An audience of about 1,000 people responded warmly throughout the hourlong event, hosted by the Hutchins Center for African & African American Research. Attendees included the justice’s Boston-based in-laws as well as at least one former roommate from her time living in Cabot House. Seated near the center of the theater was her husband of 28 years, Patrick G. Jackson ’91, a surgeon at MedStar Georgetown University Hospital.

The mood turned giddy as Jackson shared the story of their romance. She remembered Patrick, who counts among his ancestors King Edward I of England and four Mayflower passengers, sitting behind her in a history class. They became the sort of friends who awkwardly flirt. “Over time, I started to like him, but I felt like he probably didn’t like me,” Jackson said. “I had not had a serious boyfriend.”

The justice pantomimed the moment Patrick finally made his move — with a yawn and a stretch of the arm as they watched a Blockbuster movie rental at his parents’ place.

She recalled jumping to her feet. “I just don’t want to be hurt,” she protested.

Patrick stood and took her hands. “Ketanji,” he told her, “I will never hurt you. I love you.”

Also discussed was less ebullient material from the new memoir, including the time a 7- or 8-year-old Jackson found a handwritten note from her maternal grandmother. “She didn’t have a lot of schooling,” Jackson said. “She grew up in Georgia in the ’20s and ’30s.”

Jackson’s mother was “crestfallen” to find her daughter amused by the note’s misspellings. “She said, ‘I thought we were raising you better than this,’” Jackson recalled. “The memory of that [moment] has replayed throughout my life when I think about all the advantages I have been blessed to receive and how there are people who don’t have similar opportunities.”

Another formative chapter occurred during Jackson’s junior year at Harvard College, when a Confederate flag was displayed by a fellow Cabot House resident. Jackson participated in protests with the Black Students Association, as she recounts in the book. But what she focused on Thursday was the way racism functions as a distraction.

“What we needed to do was make sure we were still going to class, we were still doing our work, we were still doing well,” said Jackson, who credited this wisdom to a famous quote by the late “Beloved” author and Nobel laureate Toni Morrison.

Jackson briefly touched on “the mixed bag” of her parenting journey, in particular the challenge of reconciling her parents’ hard-driving “you got this, kid” model with the needs of her eldest daughter, who is on the autism spectrum. “I try to be as transparent as I can in the book about that,” she said.

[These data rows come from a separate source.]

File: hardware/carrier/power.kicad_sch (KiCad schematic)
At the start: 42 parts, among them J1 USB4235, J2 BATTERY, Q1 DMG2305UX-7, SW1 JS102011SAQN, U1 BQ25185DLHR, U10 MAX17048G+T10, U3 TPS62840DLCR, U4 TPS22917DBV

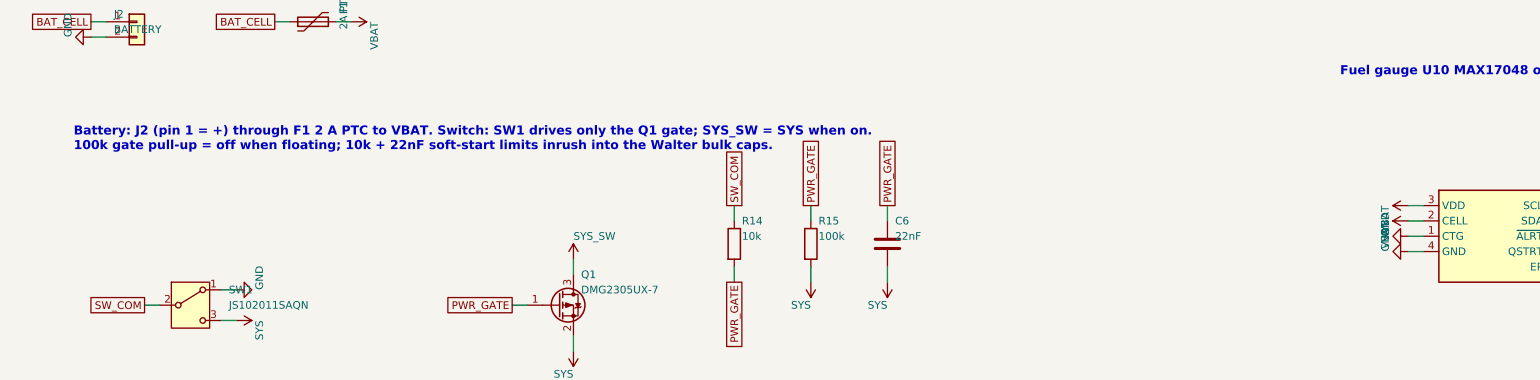
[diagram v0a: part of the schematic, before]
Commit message: hardware/carrier: front light is the GDEY029T94-FL03 (6-pin flex -> FH34SRJ-6S on the panel board, anode/cathode over a 10-way SH cable, 33R 1206 + Q4 PWM drive replaces the NSI45020), front-light button SW2 on IO4 (FL_BTN), low-profile pass (FH34SRJ 1.0 mm ZIFs, 2 x 100uF 0805 instead of the 2.5 mm 1210, part-height table), sleep-current audit (Q1 gate pull-up 100k -> 2.2M: 38 -> 1.9 uA; SN74LVC2G126 moved to the bus-powered BRG_VDD rail: 0 on battery; table in the README), TPS62840 has no fixed-3.3 V variant (README). Custom FH34SRJ footprints from the Hirose catalog; LCSC numbers via the JLCPCB parts API. Both boards re-placed and re-routed: 0 unconnected, 0 clearance/courtyard errors, silk notes only; ERC 0/0; exports refreshed (owner, 17 Oct 2026)
Co-Authored-By: Claude Fable 5.1 <noreply@anthropic.com>
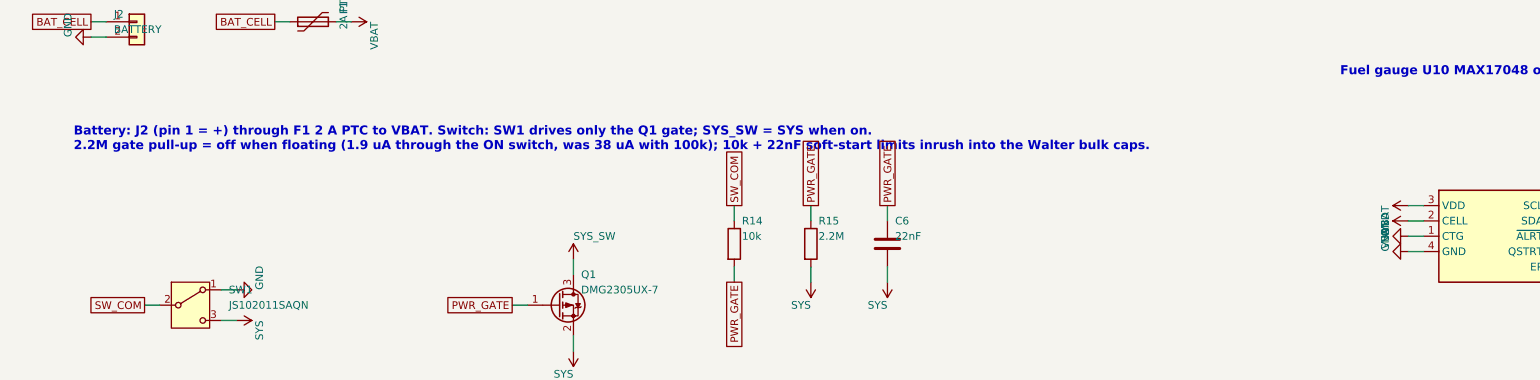
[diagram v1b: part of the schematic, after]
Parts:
- R15: value 100k -> 2.2M; LCSC C25803 -> C22938; MPN 0603WAF1003T5E -> 0603WAF2204T5E; Note (none) -> sleep current: 2.2M, not 100k (SW1 ON pulls it to GND throu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
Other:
- note added: "Battery: J2 (pin 1 = +) through F1 2 A PTC to VBAT. Switch: SW1 drives only the Q1 gate; SYS_SW = SYS when on. 2.2M gate pull-up = off when floating (1.9 uA through the ON switch, was 38 uA with 100k); 10k + 22nF soft-start limits inrush into the Walter bulk caps."
- note removed: "Battery: J2 (pin 1 = +) through F1 2 A PTC to VBAT. Switch: SW1 drives only the Q1 gate; SYS_SW = SYS when on. 100k gate pull-up = off when floating; 10k + 22nF soft-start limits inrush into the Walter bulk caps."
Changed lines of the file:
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@@
 		)
 	)
-	(text "Battery: J2 (pin 1 = +) through F1 2 A PTC to VBAT. Switch: SW1 drives only the Q1 gate; SYS_SW = SYS when on.\n100k gate pull-up = off when floating; 10k + 22nF soft-start limits inrush into the Walter bulk caps."
+	(text "Battery: J2 (pin 1 = +) through F1 2 A PTC to VBAT. Switch: SW1 drives only the Q1 gate; SYS_SW = SYS when on.\n2.2M gate pull-up = off when floating (1.9 uA through the ON switch, was 38 uA with 100k); 10k + 22nF soft-start limits inrush into the Walter bulk caps."
 		(exclude_from_sim no)
 		(at 20 232 0)
@@
 			)
 		)
-		(property "Value" "100k"
+		(property "Value" "2.2M"
 			(at 143.51 250.19 0)
 			(effects
@@
 			)
 		)
-		(property "MPN" "0603WAF1003T5E"
+		(property "MPN" "0603WAF2204T5E"
 			(at 142.24 266.7 0)
 			(hide yes)
@@
 			)
 		)
-		(property "LCSC" "C25803"
+		(property "LCSC" "C22938"
 			(at 142.24 269.24 0)
 			(hide yes)
@@
 			(hide yes)
 			(effects
+				(font
+					(size 1.27 1.27)
+				)
+			)
+		)
+		(property "Note" "sleep current: 2.2M, not 100k (SW1 ON pulls it to GND through 10k)"
+			(at 142.24 274.32 0)
+			(hide yes)
+			(effects

Brown-Nagin, who also serves as the Daniel P.S. Paul Professor of Constitutional Law at Harvard Law School and a professor of history in the Faculty of Arts Sciences, asked about key mentors and role models. Jackson gushed about her experience clerking for retired U.S. District Judge for the Massachusetts District Patti B. Saris ’73, J.D. ’76. “She was my first real professional mentor, and we’re still very good friends,” Jackson said.

She was equally effusive about the late Constance Baker Motley, the first Black woman to serve as a U.S. federal judge and the subject of Brown-Nagin’s “Civil Rights Queen” (2023). Jackson learned of Motley while in middle school. It turns out, the trailblazing judges share a birthday, born on the same date 49 years apart.

Motley had been an “unbelievable” litigator, Jackson explained, winning nine of 10 cases argued at the Supreme Court before her appointment in 1966 to a U.S. District Court in New York. But ascending to the country’s highest bench simply wasn’t a possibility back then.

“I’m the first Black woman to get appointed to the Supreme Court,” Jackson said near the end of the event. “But I’m not the first Black woman who could do this job.”